** Opening DATA SHOWN block **
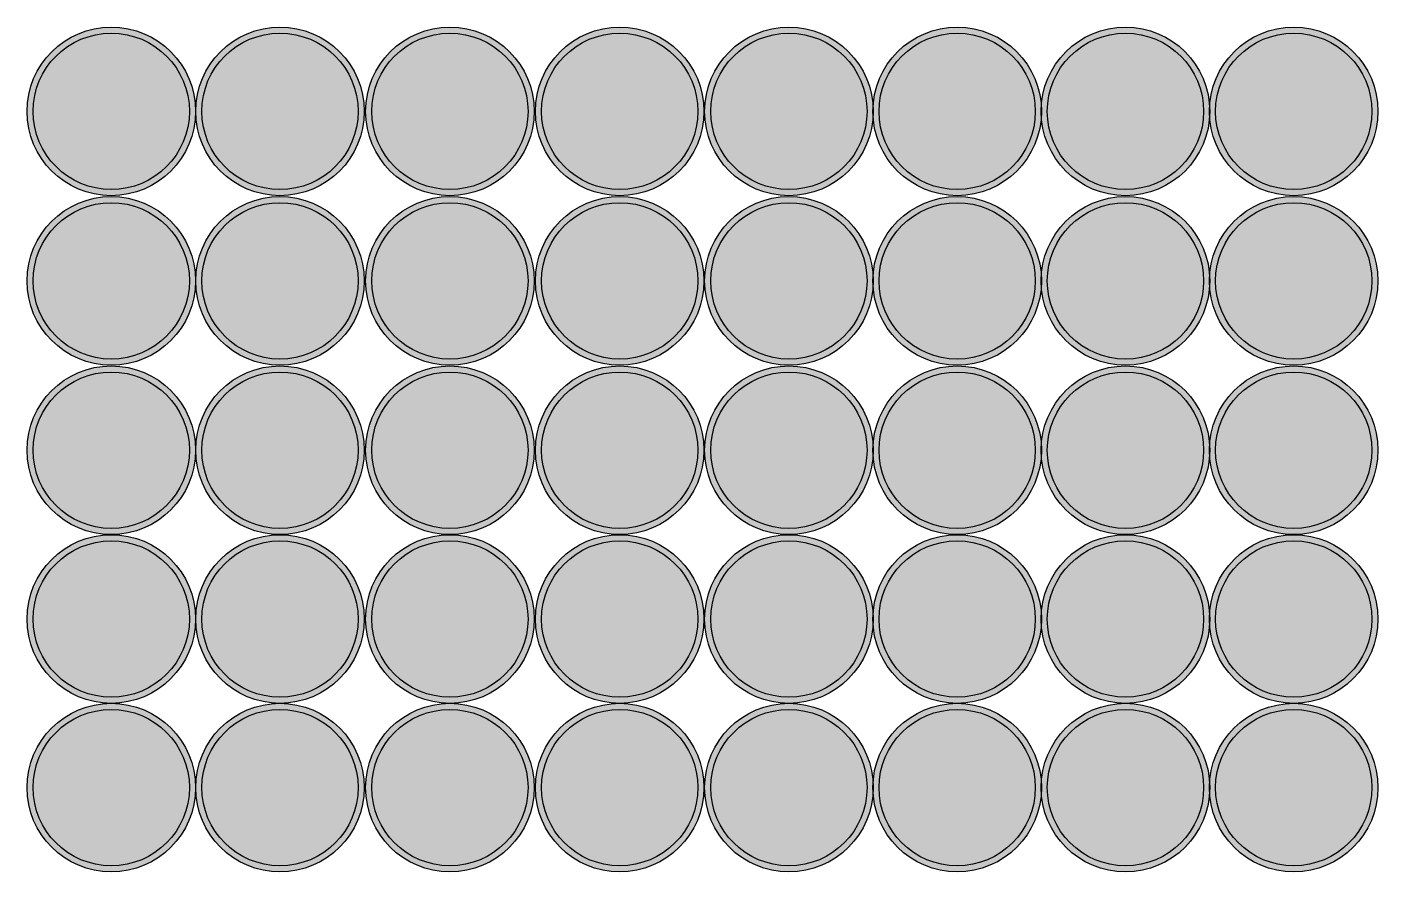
# Model space of a CAD drawing. Header units: inches. Extents: x 2620 to 4317, y 1826 to 2873.
# Drawn here: x 3358.93 to 3386.5, y 2578 to 2595.23 of the extents above; entities that cross this region are included whole.
import ezdxf

# ---------------------------------------------------------------- set-up
doc = ezdxf.new("R2010")
doc.units = ezdxf.units.IN
doc.header["$MEASUREMENT"] = 0

msp = doc.modelspace()

# ---------------------------------------------------------------- hatches: boundary and pattern name
h = msp.add_hatch(color=256)
h.dxf.hatch_style = 1
h.set_gradient(color1=(41, 49, 137), color2=(19, 103, 52), tint=1, name='INVCURVED')
h.paths.add_polyline_path([(3358.92527, 2593.51423, 1), (3362.36527, 2593.51423, 1)])
h.paths.add_polyline_path([(3362.24027, 2593.51423, -1), (3359.05027, 2593.51423, -1)], flags=16)
h = msp.add_hatch(color=256)
h.dxf.hatch_style = 1
h.set_gradient(color1=(41, 49, 137), color2=(19, 103, 52), tint=1, name='INVCURVED')
h.paths.add_polyline_path([(3362.369, 2593.51423, 1), (3365.809, 2593.51423, 1)])
h.paths.add_polyline_path([(3365.684, 2593.51423, -1), (3362.494, 2593.51423, -1)], flags=16)
h = msp.add_hatch(color=256)
h.dxf.hatch_style = 1
h.set_gradient(color1=(41, 49, 137), color2=(19, 103, 52), tint=1, name='INVCURVED')
h.paths.add_polyline_path([(3365.83755, 2593.51423, 1), (3369.27755, 2593.51423, 1)])
h.paths.add_polyline_path([(3369.15255, 2593.51423, -1), (3365.96255, 2593.51423, -1)], flags=16)
h = msp.add_hatch(color=256)
h.dxf.hatch_style = 1
h.set_gradient(color1=(41, 49, 137), color2=(19, 103, 52), tint=1, name='INVCURVED')
h.paths.add_polyline_path([(3369.30374, 2593.51423, 1), (3372.74374, 2593.51423, 1)])
h.paths.add_polyline_path([(3372.61874, 2593.51423, -1), (3369.42874, 2593.51423, -1)], flags=16)
h = msp.add_hatch(color=256)
h.dxf.hatch_style = 1
h.set_gradient(color1=(41, 49, 137), color2=(19, 103, 52), tint=1, name='INVCURVED')
h.paths.add_polyline_path([(3372.75767, 2593.51423, 1), (3376.19767, 2593.51423, 1)])
h.paths.add_polyline_path([(3376.07267, 2593.51423, -1), (3372.88267, 2593.51423, -1)], flags=16)
h = msp.add_hatch(color=256)
h.dxf.hatch_style = 1
h.set_gradient(color1=(41, 49, 137), color2=(19, 103, 52), tint=1, name='INVCURVED')
h.paths.add_polyline_path([(3376.19244, 2593.51423, 1), (3379.63244, 2593.51423, 1)])
h.paths.add_polyline_path([(3379.50744, 2593.51423, -1), (3376.31744, 2593.51423, -1)], flags=16)
h = msp.add_hatch(color=256)
h.dxf.hatch_style = 1
h.set_gradient(color1=(41, 49, 137), color2=(19, 103, 52), tint=1, name='INVCURVED')
h.paths.add_polyline_path([(3379.62721, 2593.51423, 1), (3383.06721, 2593.51423, 1)])
h.paths.add_polyline_path([(3382.94221, 2593.51423, -1), (3379.75221, 2593.51423, -1)], flags=16)
h = msp.add_hatch(color=256)
h.dxf.hatch_style = 1
h.set_gradient(color1=(41, 49, 137), color2=(19, 103, 52), tint=1, name='INVCURVED')
h.paths.add_polyline_path([(3383.06179, 2593.51423, 1), (3386.50179, 2593.51423, 1)])
h.paths.add_polyline_path([(3386.37679, 2593.51423, -1), (3383.18679, 2593.51423, -1)], flags=16)
h = msp.add_hatch(color=256)
h.dxf.hatch_style = 1
h.set_gradient(color1=(242, 103, 34), color2=(248, 153, 30), tint=1)
h.paths.add_polyline_path([(3362.24027, 2593.51423, 1), (3359.05027, 2593.51423, 1)])
h = msp.add_hatch(color=256)
h.dxf.hatch_style = 1
h.set_gradient(color1=(242, 103, 34), color2=(248, 153, 30), tint=1)
h.paths.add_polyline_path([(3365.684, 2593.51423, 1), (3362.494, 2593.51423, 1)])
h = msp.add_hatch(color=256)
h.dxf.hatch_style = 1
h.set_gradient(color1=(242, 103, 34), color2=(248, 153, 30), tint=1)
h.paths.add_polyline_path([(3369.15255, 2593.51423, 1), (3365.96255, 2593.51423, 1)])
h = msp.add_hatch(color=256)
h.dxf.hatch_style = 1
h.set_gradient(color1=(242, 103, 34), color2=(248, 153, 30), tint=1)
h.paths.add_polyline_path([(3372.61874, 2593.51423, 1), (3369.42874, 2593.51423, 1)])
h = msp.add_hatch(color=256)
h.dxf.hatch_style = 1
h.set_gradient(color1=(242, 103, 34), color2=(248, 153, 30), tint=1)
h.paths.add_polyline_path([(3376.07267, 2593.51423, 1), (3372.88267, 2593.51423, 1)])
h = msp.add_hatch(color=256)
h.dxf.hatch_style = 1
h.set_gradient(color1=(242, 103, 34), color2=(248, 153, 30), tint=1)
h.paths.add_polyline_path([(3379.50744, 2593.51423, 1), (3376.31744, 2593.51423, 1)])
h = msp.add_hatch(color=256)
h.dxf.hatch_style = 1
h.set_gradient(color1=(242, 103, 34), color2=(248, 153, 30), tint=1)
h.paths.add_polyline_path([(3382.94221, 2593.51423, 1), (3379.75221, 2593.51423, 1)])
h = msp.add_hatch(color=256)
h.dxf.hatch_style = 1
h.set_gradient(color1=(242, 103, 34), color2=(248, 153, 30), tint=1)
h.paths.add_polyline_path([(3386.37679, 2593.51423, 1), (3383.18679, 2593.51423, 1)])
h = msp.add_hatch(color=256)
h.dxf.hatch_style = 1
h.set_gradient(color1=(41, 49, 137), color2=(19, 103, 52), tint=1, name='INVCURVED')
h.paths.add_polyline_path([(3358.92527, 2590.05687, 1), (3362.36527, 2590.05687, 1)])
h.paths.add_polyline_path([(3362.24027, 2590.05687, -1), (3359.05027, 2590.05687, -1)], flags=16)
h = msp.add_hatch(color=256)
h.dxf.hatch_style = 1
h.set_gradient(color1=(242, 103, 34), color2=(248, 153, 30), tint=1)
h.paths.add_polyline_path([(3362.24027, 2590.05687, 1), (3359.05027, 2590.05687, 1)])
h = msp.add_hatch(color=256)
h.dxf.hatch_style = 1
h.set_gradient(color1=(41, 49, 137), color2=(19, 103, 52), tint=1, name='INVCURVED')
h.paths.add_polyline_path([(3362.369, 2590.05687, 1), (3365.809, 2590.05687, 1)])
h.paths.add_polyline_path([(3365.684, 2590.05687, -1), (3362.494, 2590.05687, -1)], flags=16)
h = msp.add_hatch(color=256)
h.dxf.hatch_style = 1
h.set_gradient(color1=(242, 103, 34), color2=(248, 153, 30), tint=1)
h.paths.add_polyline_path([(3365.684, 2590.05687, 1), (3362.494, 2590.05687, 1)])
h = msp.add_hatch(color=256)
h.dxf.hatch_style = 1
h.set_gradient(color1=(41, 49, 137), color2=(19, 103, 52), tint=1, name='INVCURVED')
h.paths.add_polyline_path([(3365.83755, 2590.05687, 1), (3369.27755, 2590.05687, 1)])
h.paths.add_polyline_path([(3369.15255, 2590.05687, -1), (3365.96255, 2590.05687, -1)], flags=16)
h = msp.add_hatch(color=256)
h.dxf.hatch_style = 1
h.set_gradient(color1=(242, 103, 34), color2=(248, 153, 30), tint=1)
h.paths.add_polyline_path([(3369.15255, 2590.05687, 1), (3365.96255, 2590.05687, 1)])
** Closing DATA SHOWN block **
# TASK BRIEF
From the line holding "(3372.74374, 2593.51423, 1)])" to the line holding "(3379.63244, 2593.51423, 1)])", inclusive, restate each line above exactly as written.

# FINAL ANSWER
h.paths.add_polyline_path([(3369.30374, 2593.51423, 1), (3372.74374, 2593.51423, 1)])
h.paths.add_polyline_path([(3372.61874, 2593.51423, -1), (3369.42874, 2593.51423, -1)], flags=16)
h = msp.add_hatch(color=256)
h.dxf.hatch_style = 1
h.set_gradient(color1=(41, 49, 137), color2=(19, 103, 52), tint=1, name='INVCURVED')
h.paths.add_polyline_path([(3372.75767, 2593.51423, 1), (3376.19767, 2593.51423, 1)])
h.paths.add_polyline_path([(3376.07267, 2593.51423, -1), (3372.88267, 2593.51423, -1)], flags=16)
h = msp.add_hatch(color=256)
h.dxf.hatch_style = 1
h.set_gradient(color1=(41, 49, 137), color2=(19, 103, 52), tint=1, name='INVCURVED')
h.paths.add_polyline_path([(3376.19244, 2593.51423, 1), (3379.63244, 2593.51423, 1)])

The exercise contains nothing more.